KPK menetapkan mantan Kepala BPPN periode 2002-2004 Syafruddin Arsyad Tumenggung sebagai tersangka kasus dugaan tindak pidana korupsi dalam pemberian SKL kepada Sjamsul Nursalim selaku pemegang saham atau pengendali Bank Dagang Nasional Indonesia (BDNI) pada 2004.
Simak pula: Pemerintah Bentuk Tim Khusus Percepatan Penagihan Dana BLBI
SKL diterbitkan berdasarkan Instruksi Presiden Nomor 8 Tahun 2002 tentang pemberian jaminan kepastian hukum kepada debitor yang telah menyelesaikan kewajiban atau tindakan hukum kepada debitor yang tidak menyelesaikan kewajiban.
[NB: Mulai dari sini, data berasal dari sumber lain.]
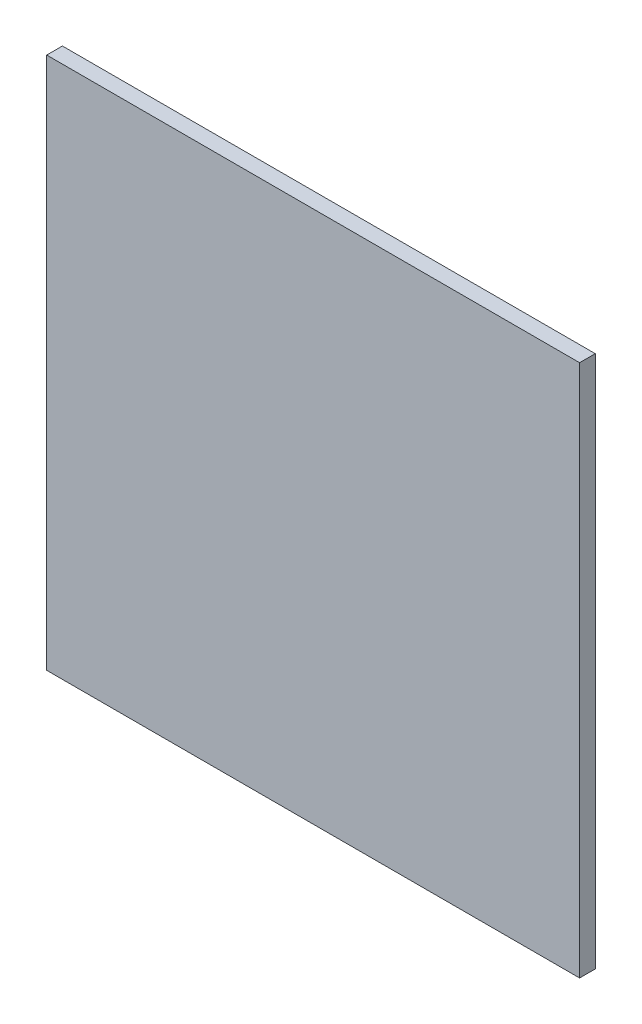
ISO-10303-21;
HEADER;
FILE_DESCRIPTION(('STEP AP214'),'2;1');
FILE_NAME('part.step','',(''),(''),'','','');
FILE_SCHEMA(('AUTOMOTIVE_DESIGN { 1 0 10303 214 1 1 1 1 }'));
ENDSEC;
DATA;
#1=APPLICATION_CONTEXT('core data for automotive mechanical design processes');
#2=APPLICATION_PROTOCOL_DEFINITION('international standard','automotive_design',2000,#1);
#3=PRODUCT_CONTEXT('',#1,'mechanical');
#4=PRODUCT('Part','Part','',(#3));
#5=PRODUCT_RELATED_PRODUCT_CATEGORY('part','',(#4));
#6=PRODUCT_DEFINITION_FORMATION('','',#4);
#7=PRODUCT_DEFINITION_CONTEXT('part definition',#1,'design');
#8=PRODUCT_DEFINITION('design','',#6,#7);
#9=PRODUCT_DEFINITION_SHAPE('','',#8);
#10=(LENGTH_UNIT() NAMED_UNIT(*) SI_UNIT(.MILLI.,.METRE.));
#11=(NAMED_UNIT(*) PLANE_ANGLE_UNIT() SI_UNIT($,.RADIAN.));
#12=(NAMED_UNIT(*) SI_UNIT($,.STERADIAN.) SOLID_ANGLE_UNIT());
#13=UNCERTAINTY_MEASURE_WITH_UNIT(LENGTH_MEASURE(1.E-05),#10,'distance_accuracy_value','');
#14=(GEOMETRIC_REPRESENTATION_CONTEXT(3) GLOBAL_UNCERTAINTY_ASSIGNED_CONTEXT((#13)) GLOBAL_UNIT_ASSIGNED_CONTEXT((#10,
#11,#12)) REPRESENTATION_CONTEXT('',''));
#15=CARTESIAN_POINT('',(0.,0.,0.));
#16=DIRECTION('',(0.,0.,1.));
#17=DIRECTION('',(1.,0.,0.));
#18=AXIS2_PLACEMENT_3D('',#15,#16,#17);
#19=CARTESIAN_POINT('',(51.,51.,3.));
#20=DIRECTION('',(-1.,0.,0.));
#21=DIRECTION('',(0.,-1.,0.));
#22=AXIS2_PLACEMENT_3D('',#19,#20,#21);
#23=PLANE('',#22);
#24=DIRECTION('',(0.,1.,0.));
#25=VECTOR('',#24,1.);
#26=CARTESIAN_POINT('',(51.,51.,0.));
#27=LINE('',#26,#25);
#28=CARTESIAN_POINT('',(51.,-51.,0.));
#29=VERTEX_POINT('',#28);
#30=CARTESIAN_POINT('',(51.,51.,0.));
#31=VERTEX_POINT('',#30);
#32=EDGE_CURVE('E99',#29,#31,#27,.T.);
#33=ORIENTED_EDGE('',*,*,#32,.T.);
#34=DIRECTION('',(0.,0.,-1.));
#35=VECTOR('',#34,1.);
#36=CARTESIAN_POINT('',(51.,51.,3.));
#37=LINE('',#36,#35);
#38=CARTESIAN_POINT('',(51.,51.,3.));
#39=VERTEX_POINT('',#38);
#40=EDGE_CURVE('E11',#39,#31,#37,.T.);
#41=ORIENTED_EDGE('',*,*,#40,.F.);
#42=DIRECTION('',(0.,1.,0.));
#43=VECTOR('',#42,1.);
#44=CARTESIAN_POINT('',(51.,51.,3.));
#45=LINE('',#44,#43);
#46=CARTESIAN_POINT('',(51.,-51.,3.));
#47=VERTEX_POINT('',#46);
#48=EDGE_CURVE('E87',#47,#39,#45,.T.);
#49=ORIENTED_EDGE('',*,*,#48,.F.);
#50=DIRECTION('',(0.,0.,-1.));
#51=VECTOR('',#50,1.);
#52=CARTESIAN_POINT('',(51.,-51.,3.));
#53=LINE('',#52,#51);
#54=EDGE_CURVE('E95',#47,#29,#53,.T.);
#55=ORIENTED_EDGE('',*,*,#54,.T.);
#56=EDGE_LOOP('',(#33,#41,#49,#55));
#57=FACE_BOUND('',#56,.T.);
#58=ADVANCED_FACE('F36',(#57),#23,.F.);
#59=CARTESIAN_POINT('',(-51.,51.,3.));
#60=DIRECTION('',(0.,-1.,0.));
#61=DIRECTION('',(0.,0.,-1.));
#62=AXIS2_PLACEMENT_3D('',#59,#60,#61);
#63=PLANE('',#62);
#64=DIRECTION('',(-1.,0.,0.));
#65=VECTOR('',#64,1.);
#66=CARTESIAN_POINT('',(-51.,51.,0.));
#67=LINE('',#66,#65);
#68=CARTESIAN_POINT('',(-51.,51.,0.));
#69=VERTEX_POINT('',#68);
#70=EDGE_CURVE('E91',#31,#69,#67,.T.);
#71=ORIENTED_EDGE('',*,*,#70,.T.);
#72=DIRECTION('',(0.,0.,-1.));
#73=VECTOR('',#72,1.);
#74=CARTESIAN_POINT('',(-51.,51.,3.));
#75=LINE('',#74,#73);
#76=CARTESIAN_POINT('',(-51.,51.,3.));
#77=VERTEX_POINT('',#76);
#78=EDGE_CURVE('E44',#77,#69,#75,.T.);
#79=ORIENTED_EDGE('',*,*,#78,.F.);
#80=DIRECTION('',(-1.,0.,0.));
#81=VECTOR('',#80,1.);
#82=CARTESIAN_POINT('',(-51.,51.,3.));
#83=LINE('',#82,#81);
#84=EDGE_CURVE('E82',#39,#77,#83,.T.);
#85=ORIENTED_EDGE('',*,*,#84,.F.);
#86=ORIENTED_EDGE('',*,*,#40,.T.);
#87=EDGE_LOOP('',(#71,#79,#85,#86));
#88=FACE_BOUND('',#87,.T.);
#89=ADVANCED_FACE('F90',(#88),#63,.F.);
#90=CARTESIAN_POINT('',(-51.,51.,3.));
#91=DIRECTION('',(1.,0.,0.));
#92=DIRECTION('',(0.,1.,0.));
#93=AXIS2_PLACEMENT_3D('',#90,#91,#92);
#94=PLANE('',#93);
#95=DIRECTION('',(0.,-1.,0.));
#96=VECTOR('',#95,1.);
#97=CARTESIAN_POINT('',(-51.,51.,0.));
#98=LINE('',#97,#96);
#99=CARTESIAN_POINT('',(-51.,-51.,0.));
#100=VERTEX_POINT('',#99);
#101=EDGE_CURVE('E69',#69,#100,#98,.T.);
#102=ORIENTED_EDGE('',*,*,#101,.T.);
#103=DIRECTION('',(0.,0.,-1.));
#104=VECTOR('',#103,1.);
#105=CARTESIAN_POINT('',(-51.,-51.,3.));
#106=LINE('',#105,#104);
#107=CARTESIAN_POINT('',(-51.,-51.,3.));
#108=VERTEX_POINT('',#107);
#109=EDGE_CURVE('E92',#108,#100,#106,.T.);
#110=ORIENTED_EDGE('',*,*,#109,.F.);
#111=DIRECTION('',(0.,-1.,0.));
#112=VECTOR('',#111,1.);
#113=CARTESIAN_POINT('',(-51.,51.,3.));
#114=LINE('',#113,#112);
#115=EDGE_CURVE('E85',#77,#108,#114,.T.);
#116=ORIENTED_EDGE('',*,*,#115,.F.);
#117=ORIENTED_EDGE('',*,*,#78,.T.);
#118=EDGE_LOOP('',(#102,#110,#116,#117));
#119=FACE_BOUND('',#118,.T.);
#120=ADVANCED_FACE('F93',(#119),#94,.F.);
#121=CARTESIAN_POINT('',(-51.,-51.,3.));
#122=DIRECTION('',(0.,1.,0.));
#123=DIRECTION('',(0.,0.,1.));
#124=AXIS2_PLACEMENT_3D('',#121,#122,#123);
#125=PLANE('',#124);
#126=DIRECTION('',(1.,0.,0.));
#127=VECTOR('',#126,1.);
#128=CARTESIAN_POINT('',(-51.,-51.,0.));
#129=LINE('',#128,#127);
#130=EDGE_CURVE('E75',#100,#29,#129,.T.);
#131=ORIENTED_EDGE('',*,*,#130,.T.);
#132=ORIENTED_EDGE('',*,*,#54,.F.);
#133=DIRECTION('',(1.,0.,0.));
#134=VECTOR('',#133,1.);
#135=CARTESIAN_POINT('',(-51.,-51.,3.));
#136=LINE('',#135,#134);
#137=EDGE_CURVE('E52',#108,#47,#136,.T.);
#138=ORIENTED_EDGE('',*,*,#137,.F.);
#139=ORIENTED_EDGE('',*,*,#109,.T.);
#140=EDGE_LOOP('',(#131,#132,#138,#139));
#141=FACE_BOUND('',#140,.T.);
#142=ADVANCED_FACE('F106',(#141),#125,.F.);
#143=CARTESIAN_POINT('',(0.,0.,3.));
#144=DIRECTION('',(0.,0.,1.));
#145=DIRECTION('',(1.,0.,0.));
#146=AXIS2_PLACEMENT_3D('',#143,#144,#145);
#147=PLANE('',#146);
#148=ORIENTED_EDGE('',*,*,#48,.T.);
#149=ORIENTED_EDGE('',*,*,#84,.T.);
#150=ORIENTED_EDGE('',*,*,#115,.T.);
#151=ORIENTED_EDGE('',*,*,#137,.T.);
#152=EDGE_LOOP('',(#148,#149,#150,#151));
#153=FACE_BOUND('',#152,.T.);
#154=ADVANCED_FACE('F83',(#153),#147,.T.);
#155=CARTESIAN_POINT('',(0.,0.,0.));
#156=DIRECTION('',(0.,0.,1.));
#157=DIRECTION('',(1.,0.,0.));
#158=AXIS2_PLACEMENT_3D('',#155,#156,#157);
#159=PLANE('',#158);
#160=ORIENTED_EDGE('',*,*,#32,.F.);
#161=ORIENTED_EDGE('',*,*,#130,.F.);
#162=ORIENTED_EDGE('',*,*,#101,.F.);
#163=ORIENTED_EDGE('',*,*,#70,.F.);
#164=EDGE_LOOP('',(#160,#161,#162,#163));
#165=FACE_BOUND('',#164,.T.);
#166=ADVANCED_FACE('F109',(#165),#159,.F.);
#167=CLOSED_SHELL('',(#58,#89,#120,#142,#154,#166));
#168=MANIFOLD_SOLID_BREP('B2',#167);
#169=ADVANCED_BREP_SHAPE_REPRESENTATION('',(#18,#168),#14);
#170=SHAPE_DEFINITION_REPRESENTATION(#9,#169);
ENDSEC;
END-ISO-10303-21;

Syafruddin mengusulkan SKL itu untuk disetujui KKSK dengan melakukan perubahan atas proses ligitasi kewajiban obligor menjadi restrukturisasi atas kewajiban penyerahan aset oleh BDNI ke BPPN sebesar Rp 4,8 triliun yang merupakan bagian dari pinjaman BLBI.
Oleh karena itu, hasil restrukturisasinya adalah Rp 1,1 triliun dapat dikembalikan dan ditagihkan ke petani tambak sedangkan Rp 3,7 triliun tidak dilakukan pembahasan dalam proses restrukturisasi. Artinya ada kewajiban BDNI sebesar Rp 3,7 triliun yang belum ditagihkan dan menjadi kerugian negara.